In contemporary quantum physics research, critical efforts revolve around understanding the fundamental principles governing correlations and their emergence. These correlations hold significant promise for the creation of a new class of materials endowed with highly desirable attributes. This pursuit is particularly pertinent within the field of highly correlated materials, exemplified by superconductors, where many factors, including disorder, can have profound effects. Although the interplay between disorder and such materials may seem extremely complex at first, the structural aspects of disorder can nevertheless serve as targets for manipulating the properties of superconducting materials [1-4].

Interest in the interplay between superconductivity and disorder has recently increased greatly due to new findings both in theory and in experiment [5-13]. Previous investigations primarily centered on probing the impact of disorder strength with a focus on improving superconducting characteristics. Consequently, it is now well established that increased levels of disorder can substantially improve key parameters of superconductivity. The studies have unveiled notable superconductivity enhancement in quasi-one-dimensional single crystals composed of weakly bound MoSe chains and sodium atoms [14]. Similarly, experiments with TaS2 monolayers have demonstrated an anomalous boost in superconductivity, which is also attributed to a presence of significant structural disorder [15]. Disorder-related effects have been implicated in the observed increase of the critical temperature in recently discovered NbSe2 superconducting monolayers [16]. Theoretical investigations attribute this enhancement to the disorder-induced multifractal structure of electronic wave functions [17,18], as revealed through numerical solutions of microscopic theory equations in low-dimensional samples [19,20].

In most materials, inhomogeneities exhibit a certain structure characterized by long-range spatial correlations. There is a growing recognition that such correlations exert profound alterations of the basic properties of disordered systems [21-41], including Bose–Einstein condensates [42-46] and superconductors [38,47,48]. For example, experimental work [47] has observed scale-invariant patterns in La2CuO4+y using a new kind of X-ray microscopy and has come to the conclusion that such fractal structures boost superconductivity. In particular, the work demonstrates that this material has a small number of very highly ordered regions and larger numbers of disordered regions, with a power-law distribution describing them. This is the hallmark of a scale-free distribution, which is typical of a fractal pattern where stripes with oxygen form a similar structure on all scales up to 400 μm.

The exploration of superconductivity in the presence of spatially correlated disorder has recently been initiated, as evidenced by the work of Neverov and co-workers [49]. This study has unveiled a significant influence of these correlations on the superconductive characteristics at the zero-temperature limit, where thermal energy represents the smallest energy scale within the investigated system. Specifically, the research has demonstrated that power-law correlations alter both the spatial distribution and the absolute value of the superconducting order parameter. Notably, an increase in the degree of correlation within the disorder potential is shown to augment superconductivity, aligning closely with experimental findings previously reported in [47].
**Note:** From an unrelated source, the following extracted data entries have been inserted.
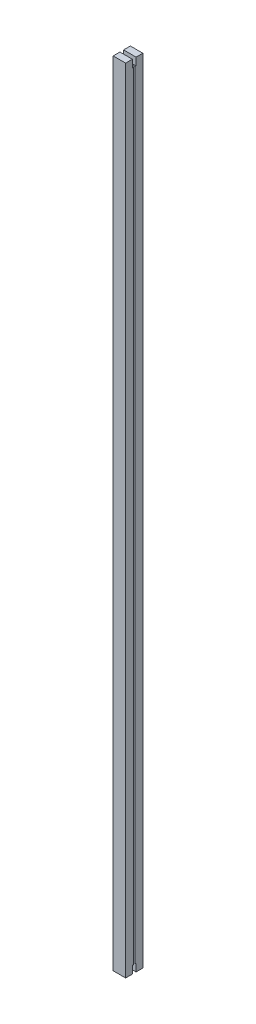
SolidWorks part; units mm, degrees
ref_plane "Спереди" through (0, 0, 0) normal (0, 0, 1) x (1, 0, 0)
ref_plane "Сверху" through (0, 0, 0) normal (0, 1, 0) x (1, 0, 0)
ref_plane "Справа" through (0, 0, 0) normal (1, 0, 0) x (0, 0, -1)
sketch "Эскиз1" plane through (0, 0, 0) normal (0, 1, 0) x (1, 0, 0)
  line L0 (-11.7649, 15) -> (10, 15)
  line L1 (10, 15) -> (10, 1.25)
  line L2 (10, 1.25) -> (6, 1.25)
  line L3 (6, 1.25) -> (6, -1.25)
  line L4 (-17.598, 0) -> (16.9433, 0) construction
  line L5 (-11.7649, 15) -> (-11.7649, -15)
  line L6 (10, -1.25) -> (6, -1.25)
  line L7 (10, -15) -> (10, -1.25)
  line L8 (-11.7649, -15) -> (10, -15)
  point P10 (-11.7649, 0)
  point P11 (6, 0)
  point P13 (0, 0)
  point P14 (0, 0)
  point P15 (0, 0)
  point P16 (0, 0)
extrude "Бобышка-Вытянуть1" add sketch "Эскиз1" along normal blind 1383.55
sketch "Эскиз2" plane through (-11.7649, 0, 0) normal (-1, 0, 0) x (0, 0, 1)
  line L0 (-3.1988, 0) -> (-3.1988, 13.2878)
  line L1 (-15, 0) -> (15, 0) construction
  line L2 (-3.1988, 13.2878) -> (3.1988, 13.2878)
  line L3 (-3.1988, 0) -> (3.1988, 0)
  line L4 (0, -13.6484) -> (0, 1403.8593) construction
  line L5 (3.1988, 0) -> (3.1988, 13.2878)
  line L6 (-108.4916, 691.775) -> (106.3349, 691.775) construction
  line L7 (3.1988, 1383.55) -> (3.1988, 1370.2622)
  line L8 (-3.1988, 1383.55) -> (3.1988, 1383.55)
  line L9 (-3.1988, 1370.2622) -> (3.1988, 1370.2622)
  line L10 (-3.1988, 1383.55) -> (-3.1988, 1370.2622)
  line L11 (15, 1383.55) -> (15, 0) construction
  point P10 (0, 0)
  point P11 (0, 13.2878)
  point P19 (15, 691.775)
extrude "Вырез-Вытянуть1" cut sketch "Эскиз2" against normal through all
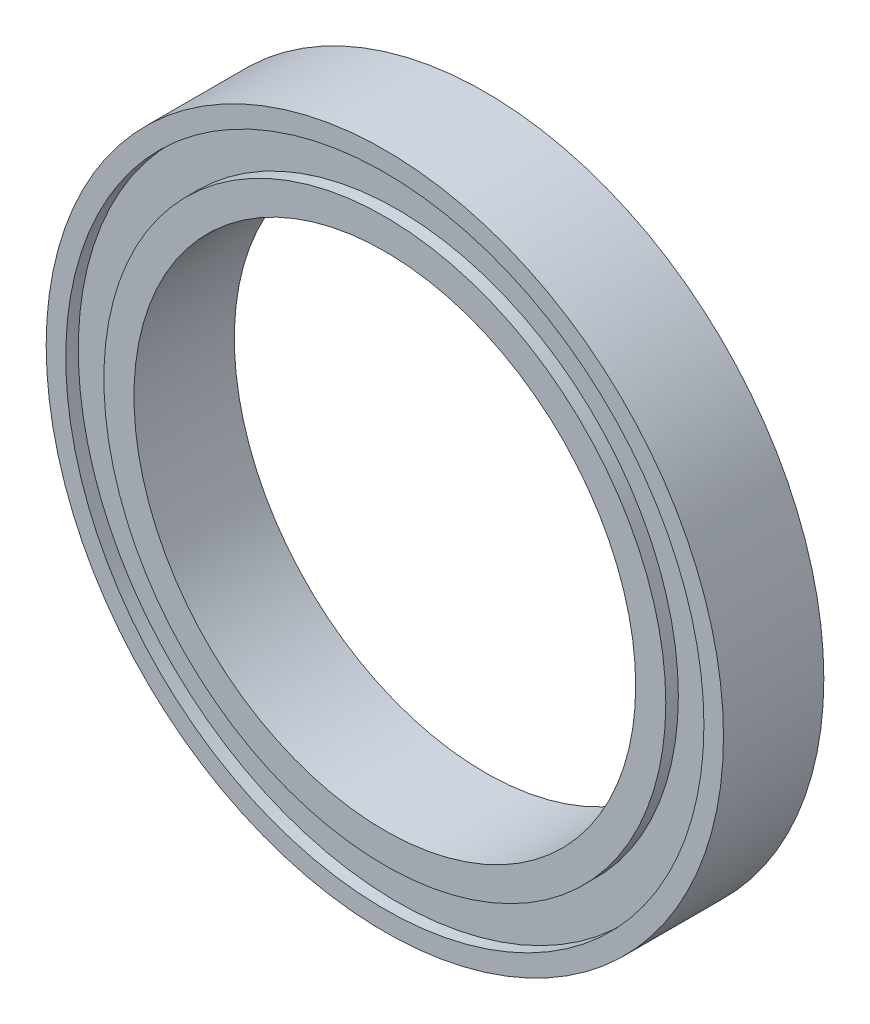
SolidWorks part; units mm, degrees
material "鋅合金 7; AG40B; Zn-4Al-0.015Mg"
ref_plane "前基準面" through (0, 0, 0) normal (0, 0, 1) x (1, 0, 0)
ref_plane "上基準面" through (0, 0, 0) normal (0, 1, 0) x (1, 0, 0)
ref_plane "右基準面" through (0, 0, 0) normal (1, 0, 0) x (0, 0, -1)
sketch "草圖1" plane through (0, 0, 0) normal (0, 0, 1) x (1, 0, 0)
  circle A0 centre (0, 0) radius 10
  circle A1 centre (0, 0) radius 13.5
  dimension "D1" = 27
  dimension "D2" = 20
extrude "填料-伸長1" add sketch "草圖1" along normal blind 4
sketch "草圖2" plane through (0, 0, 4) normal (0, 0, 1) x (1, 0, 0)
  circle A0 centre (0, 0) radius 11.2
  circle A1 centre (0, 0) radius 12.72
  dimension "D1" = 22.4
  dimension "D2" = 25.44
extrude "除料-伸長1" cut sketch "草圖2" against normal blind 0.5
sketch "草圖3" plane through (0, 0, 0) normal (0, 0, -1) x (-1, 0, 0)
  circle A0 centre (0, 0) radius 11.2
  circle A1 centre (0, 0) radius 12.72
  dimension "D1" = 22.4
  dimension "D2" = 25.44
extrude "除料-伸長2" cut sketch "草圖3" against normal blind 0.5

This work focuses on a different aspect of the influence of the disorder correlations, investigating how the latter affect key spectral characteristics of a superconductor, that is, the energy level distribution. Recent scanning tunneling spectroscopy experiments on highly disordered amorphous superconductors [50] revealed that in the regime of superconductor–insulator transition the superconducting gap is stable, whereas the coherence peaks in the single-particle density of states (DOS) disappear. Following this observation, it was suggested that the system exhibits localization of Cooper pairs near the transition. In addition, in the presence of significant disorder, almost localized electronic wave functions show their fractal nature [50], which leads to an increase of the interaction matrix elements near the superconductor–insulator transition. This work elucidates how this mechanism, which controls superconductivity in strongly disordered materials, is modified when the disorder becomes correlated.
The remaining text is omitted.